══ Given records ══

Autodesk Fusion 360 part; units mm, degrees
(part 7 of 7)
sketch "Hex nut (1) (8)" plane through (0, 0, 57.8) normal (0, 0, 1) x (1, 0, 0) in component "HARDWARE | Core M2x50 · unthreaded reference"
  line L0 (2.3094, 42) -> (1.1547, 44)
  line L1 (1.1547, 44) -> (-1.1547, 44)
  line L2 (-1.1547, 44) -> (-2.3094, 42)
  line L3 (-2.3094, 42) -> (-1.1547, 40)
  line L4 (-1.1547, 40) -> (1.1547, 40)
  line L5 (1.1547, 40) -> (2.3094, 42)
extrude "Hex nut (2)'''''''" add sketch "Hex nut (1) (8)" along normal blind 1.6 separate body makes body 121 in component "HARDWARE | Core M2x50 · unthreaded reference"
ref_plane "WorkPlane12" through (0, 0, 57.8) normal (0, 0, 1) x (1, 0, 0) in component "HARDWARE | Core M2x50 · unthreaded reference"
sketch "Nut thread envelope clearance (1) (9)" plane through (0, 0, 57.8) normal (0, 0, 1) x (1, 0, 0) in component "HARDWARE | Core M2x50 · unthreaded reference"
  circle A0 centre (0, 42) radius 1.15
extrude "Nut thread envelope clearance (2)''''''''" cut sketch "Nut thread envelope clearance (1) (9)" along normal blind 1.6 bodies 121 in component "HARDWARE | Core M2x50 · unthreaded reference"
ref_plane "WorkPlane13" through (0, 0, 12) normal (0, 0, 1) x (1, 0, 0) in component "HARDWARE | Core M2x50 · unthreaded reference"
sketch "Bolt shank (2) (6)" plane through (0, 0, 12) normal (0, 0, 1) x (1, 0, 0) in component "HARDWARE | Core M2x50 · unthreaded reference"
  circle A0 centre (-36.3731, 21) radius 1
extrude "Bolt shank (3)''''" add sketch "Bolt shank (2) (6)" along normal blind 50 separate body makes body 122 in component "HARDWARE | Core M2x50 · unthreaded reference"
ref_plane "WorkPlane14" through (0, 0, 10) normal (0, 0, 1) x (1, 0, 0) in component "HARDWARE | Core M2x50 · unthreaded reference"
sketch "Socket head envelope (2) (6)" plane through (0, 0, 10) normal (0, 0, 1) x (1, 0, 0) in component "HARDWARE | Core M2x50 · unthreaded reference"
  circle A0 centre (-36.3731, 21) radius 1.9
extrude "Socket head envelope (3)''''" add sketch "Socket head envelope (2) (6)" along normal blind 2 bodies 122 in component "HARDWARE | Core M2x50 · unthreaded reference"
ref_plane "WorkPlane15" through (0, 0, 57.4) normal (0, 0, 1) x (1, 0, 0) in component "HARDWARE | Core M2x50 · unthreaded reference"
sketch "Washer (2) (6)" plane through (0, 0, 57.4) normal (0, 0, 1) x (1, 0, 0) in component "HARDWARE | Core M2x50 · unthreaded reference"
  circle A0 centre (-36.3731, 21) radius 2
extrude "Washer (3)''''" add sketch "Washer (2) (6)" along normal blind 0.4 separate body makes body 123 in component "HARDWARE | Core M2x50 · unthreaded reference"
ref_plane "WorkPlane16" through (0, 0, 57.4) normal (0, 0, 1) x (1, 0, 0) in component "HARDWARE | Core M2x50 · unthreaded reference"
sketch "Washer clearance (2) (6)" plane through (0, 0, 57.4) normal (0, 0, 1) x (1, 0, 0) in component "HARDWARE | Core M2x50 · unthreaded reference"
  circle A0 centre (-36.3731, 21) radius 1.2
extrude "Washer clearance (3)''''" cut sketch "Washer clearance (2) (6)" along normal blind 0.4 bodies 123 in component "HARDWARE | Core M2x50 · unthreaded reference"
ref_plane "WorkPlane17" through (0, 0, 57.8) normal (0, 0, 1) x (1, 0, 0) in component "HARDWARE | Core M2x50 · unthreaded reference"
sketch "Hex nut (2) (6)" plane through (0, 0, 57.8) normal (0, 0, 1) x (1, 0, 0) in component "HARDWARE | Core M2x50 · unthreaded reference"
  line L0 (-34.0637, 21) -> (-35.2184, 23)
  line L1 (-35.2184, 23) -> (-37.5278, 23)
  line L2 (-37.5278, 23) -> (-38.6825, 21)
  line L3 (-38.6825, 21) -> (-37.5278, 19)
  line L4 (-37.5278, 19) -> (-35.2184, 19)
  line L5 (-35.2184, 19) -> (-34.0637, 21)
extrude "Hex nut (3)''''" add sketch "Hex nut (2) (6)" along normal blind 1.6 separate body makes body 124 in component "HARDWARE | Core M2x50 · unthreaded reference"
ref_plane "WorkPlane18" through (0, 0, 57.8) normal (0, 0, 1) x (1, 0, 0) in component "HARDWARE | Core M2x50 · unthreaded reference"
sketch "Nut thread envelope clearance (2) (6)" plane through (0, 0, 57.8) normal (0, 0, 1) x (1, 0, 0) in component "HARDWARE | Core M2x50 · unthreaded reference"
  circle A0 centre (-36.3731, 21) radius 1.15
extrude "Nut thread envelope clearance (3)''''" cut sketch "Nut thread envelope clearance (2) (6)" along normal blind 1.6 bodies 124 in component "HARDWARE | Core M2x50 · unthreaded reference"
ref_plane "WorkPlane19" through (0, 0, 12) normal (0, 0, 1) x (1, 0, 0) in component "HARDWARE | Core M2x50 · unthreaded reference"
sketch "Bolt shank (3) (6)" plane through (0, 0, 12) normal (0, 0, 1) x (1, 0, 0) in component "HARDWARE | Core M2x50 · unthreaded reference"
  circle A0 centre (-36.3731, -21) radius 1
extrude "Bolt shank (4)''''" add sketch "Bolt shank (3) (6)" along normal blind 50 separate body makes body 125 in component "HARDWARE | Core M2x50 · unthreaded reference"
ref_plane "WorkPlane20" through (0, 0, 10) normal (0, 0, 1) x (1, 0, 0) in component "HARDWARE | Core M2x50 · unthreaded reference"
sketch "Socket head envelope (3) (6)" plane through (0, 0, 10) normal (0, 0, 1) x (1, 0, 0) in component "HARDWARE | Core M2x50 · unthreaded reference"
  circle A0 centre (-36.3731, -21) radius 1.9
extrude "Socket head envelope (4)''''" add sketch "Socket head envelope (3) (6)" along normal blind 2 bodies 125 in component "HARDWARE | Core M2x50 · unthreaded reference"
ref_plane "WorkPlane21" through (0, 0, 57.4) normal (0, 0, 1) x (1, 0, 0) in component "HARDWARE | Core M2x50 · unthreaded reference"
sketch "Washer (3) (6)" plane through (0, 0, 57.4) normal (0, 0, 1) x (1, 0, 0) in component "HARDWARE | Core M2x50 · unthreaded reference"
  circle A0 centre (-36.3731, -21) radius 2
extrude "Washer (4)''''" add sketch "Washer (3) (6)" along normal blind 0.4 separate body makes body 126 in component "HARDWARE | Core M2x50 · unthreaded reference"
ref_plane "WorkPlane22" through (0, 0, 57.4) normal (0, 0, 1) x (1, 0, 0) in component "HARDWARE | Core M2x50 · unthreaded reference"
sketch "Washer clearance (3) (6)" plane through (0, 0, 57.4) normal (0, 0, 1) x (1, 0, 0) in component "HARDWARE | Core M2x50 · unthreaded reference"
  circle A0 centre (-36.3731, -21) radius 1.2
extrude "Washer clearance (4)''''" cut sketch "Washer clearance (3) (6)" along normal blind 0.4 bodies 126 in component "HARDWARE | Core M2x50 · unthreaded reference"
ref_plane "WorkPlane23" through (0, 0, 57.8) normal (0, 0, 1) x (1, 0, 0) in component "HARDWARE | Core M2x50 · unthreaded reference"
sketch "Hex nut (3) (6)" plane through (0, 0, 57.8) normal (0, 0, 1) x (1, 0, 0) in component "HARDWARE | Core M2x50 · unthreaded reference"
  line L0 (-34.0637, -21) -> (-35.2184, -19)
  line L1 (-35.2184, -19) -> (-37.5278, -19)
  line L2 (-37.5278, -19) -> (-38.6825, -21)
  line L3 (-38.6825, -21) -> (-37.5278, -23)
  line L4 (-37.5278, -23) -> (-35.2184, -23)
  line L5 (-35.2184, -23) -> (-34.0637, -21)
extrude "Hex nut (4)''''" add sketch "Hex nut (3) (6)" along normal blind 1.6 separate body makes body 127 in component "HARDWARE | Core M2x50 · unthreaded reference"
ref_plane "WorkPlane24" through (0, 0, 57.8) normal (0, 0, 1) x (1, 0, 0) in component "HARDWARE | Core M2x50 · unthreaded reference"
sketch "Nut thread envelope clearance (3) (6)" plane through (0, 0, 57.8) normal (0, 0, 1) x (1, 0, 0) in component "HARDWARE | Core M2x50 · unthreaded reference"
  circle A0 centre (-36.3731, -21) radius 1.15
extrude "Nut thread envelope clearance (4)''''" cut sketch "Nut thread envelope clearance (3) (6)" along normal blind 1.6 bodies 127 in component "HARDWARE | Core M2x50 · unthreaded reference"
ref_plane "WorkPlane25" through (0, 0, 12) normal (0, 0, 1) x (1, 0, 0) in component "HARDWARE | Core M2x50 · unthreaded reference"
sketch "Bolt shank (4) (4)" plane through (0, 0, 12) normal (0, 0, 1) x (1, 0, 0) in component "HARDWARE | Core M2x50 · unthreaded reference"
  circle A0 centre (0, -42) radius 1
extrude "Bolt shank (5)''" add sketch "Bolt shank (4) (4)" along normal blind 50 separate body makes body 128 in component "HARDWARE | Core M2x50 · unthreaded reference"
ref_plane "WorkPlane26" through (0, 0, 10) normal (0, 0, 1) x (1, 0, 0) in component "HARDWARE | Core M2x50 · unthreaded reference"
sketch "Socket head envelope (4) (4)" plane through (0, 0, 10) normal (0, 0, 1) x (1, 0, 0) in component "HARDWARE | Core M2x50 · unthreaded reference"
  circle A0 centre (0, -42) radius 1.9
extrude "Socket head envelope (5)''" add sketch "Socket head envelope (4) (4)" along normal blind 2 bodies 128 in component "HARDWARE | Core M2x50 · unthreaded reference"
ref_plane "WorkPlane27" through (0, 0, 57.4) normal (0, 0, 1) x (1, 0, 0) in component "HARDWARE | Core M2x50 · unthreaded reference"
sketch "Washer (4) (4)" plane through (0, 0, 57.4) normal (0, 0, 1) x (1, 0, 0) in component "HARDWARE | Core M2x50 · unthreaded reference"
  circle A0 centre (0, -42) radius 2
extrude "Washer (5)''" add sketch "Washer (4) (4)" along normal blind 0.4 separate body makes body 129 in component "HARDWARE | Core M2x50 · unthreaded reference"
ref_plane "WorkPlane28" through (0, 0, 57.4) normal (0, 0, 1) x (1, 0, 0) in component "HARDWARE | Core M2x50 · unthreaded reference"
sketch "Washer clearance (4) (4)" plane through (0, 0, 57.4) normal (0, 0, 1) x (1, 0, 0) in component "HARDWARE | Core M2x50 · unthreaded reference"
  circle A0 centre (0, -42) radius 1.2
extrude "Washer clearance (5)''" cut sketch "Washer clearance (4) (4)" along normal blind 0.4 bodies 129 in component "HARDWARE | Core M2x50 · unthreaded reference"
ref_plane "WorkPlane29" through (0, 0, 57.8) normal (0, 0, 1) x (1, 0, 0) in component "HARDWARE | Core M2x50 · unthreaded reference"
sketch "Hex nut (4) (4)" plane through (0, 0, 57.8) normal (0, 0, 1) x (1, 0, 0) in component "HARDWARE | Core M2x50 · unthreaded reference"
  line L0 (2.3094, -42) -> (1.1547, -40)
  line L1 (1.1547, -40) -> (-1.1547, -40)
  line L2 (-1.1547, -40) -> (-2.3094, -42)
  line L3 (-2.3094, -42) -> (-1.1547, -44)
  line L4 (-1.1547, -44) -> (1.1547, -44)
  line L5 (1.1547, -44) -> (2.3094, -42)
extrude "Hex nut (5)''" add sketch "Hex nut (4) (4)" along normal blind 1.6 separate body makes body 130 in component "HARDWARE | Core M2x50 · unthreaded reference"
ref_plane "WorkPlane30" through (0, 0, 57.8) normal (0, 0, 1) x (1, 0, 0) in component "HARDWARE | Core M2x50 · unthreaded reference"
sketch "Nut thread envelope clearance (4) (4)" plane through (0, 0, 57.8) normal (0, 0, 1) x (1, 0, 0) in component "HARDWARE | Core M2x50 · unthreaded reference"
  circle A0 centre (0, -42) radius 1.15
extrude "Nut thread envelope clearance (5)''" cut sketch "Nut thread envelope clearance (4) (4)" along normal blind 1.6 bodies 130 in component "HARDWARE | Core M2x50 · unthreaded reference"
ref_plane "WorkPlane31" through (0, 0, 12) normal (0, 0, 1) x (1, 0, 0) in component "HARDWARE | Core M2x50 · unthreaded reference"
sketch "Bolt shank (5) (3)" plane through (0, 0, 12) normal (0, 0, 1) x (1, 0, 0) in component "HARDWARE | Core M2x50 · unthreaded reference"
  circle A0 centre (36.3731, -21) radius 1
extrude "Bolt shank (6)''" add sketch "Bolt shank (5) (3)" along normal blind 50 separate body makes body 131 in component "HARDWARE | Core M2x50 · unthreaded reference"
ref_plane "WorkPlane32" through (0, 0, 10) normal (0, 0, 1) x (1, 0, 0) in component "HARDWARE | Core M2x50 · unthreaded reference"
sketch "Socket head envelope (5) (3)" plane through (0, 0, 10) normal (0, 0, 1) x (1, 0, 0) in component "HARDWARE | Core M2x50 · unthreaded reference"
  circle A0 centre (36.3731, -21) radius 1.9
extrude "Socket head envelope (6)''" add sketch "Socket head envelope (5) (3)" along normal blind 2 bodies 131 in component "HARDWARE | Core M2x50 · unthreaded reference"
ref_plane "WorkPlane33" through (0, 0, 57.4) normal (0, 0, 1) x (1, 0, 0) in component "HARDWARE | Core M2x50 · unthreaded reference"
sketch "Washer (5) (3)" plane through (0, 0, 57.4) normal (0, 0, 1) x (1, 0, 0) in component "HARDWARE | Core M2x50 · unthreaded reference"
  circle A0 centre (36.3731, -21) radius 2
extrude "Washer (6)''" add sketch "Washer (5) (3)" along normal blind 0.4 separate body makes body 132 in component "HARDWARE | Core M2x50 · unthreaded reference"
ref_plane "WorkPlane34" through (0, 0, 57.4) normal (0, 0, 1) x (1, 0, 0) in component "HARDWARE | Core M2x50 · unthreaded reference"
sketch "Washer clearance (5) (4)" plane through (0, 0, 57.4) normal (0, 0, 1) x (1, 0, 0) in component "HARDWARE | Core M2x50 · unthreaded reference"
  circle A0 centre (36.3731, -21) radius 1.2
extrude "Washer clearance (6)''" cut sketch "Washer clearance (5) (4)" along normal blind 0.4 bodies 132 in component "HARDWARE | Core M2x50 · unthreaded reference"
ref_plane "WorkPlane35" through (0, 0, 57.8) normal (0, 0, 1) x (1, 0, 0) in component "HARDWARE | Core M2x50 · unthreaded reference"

═══

Activity: Keep to the lines above, from the first one through the line where "line L3 (-2.3094, 42) -> (-1.1547, 40)" appears, and copy them exactly.

Response to this task:
Autodesk Fusion 360 part; units mm, degrees
(part 7 of 7)
sketch "Hex nut (1) (8)" plane through (0, 0, 57.8) normal (0, 0, 1) x (1, 0, 0) in component "HARDWARE | Core M2x50 · unthreaded reference"
  line L0 (2.3094, 42) -> (1.1547, 44)
  line L1 (1.1547, 44) -> (-1.1547, 44)
  line L2 (-1.1547, 44) -> (-2.3094, 42)
  line L3 (-2.3094, 42) -> (-1.1547, 40)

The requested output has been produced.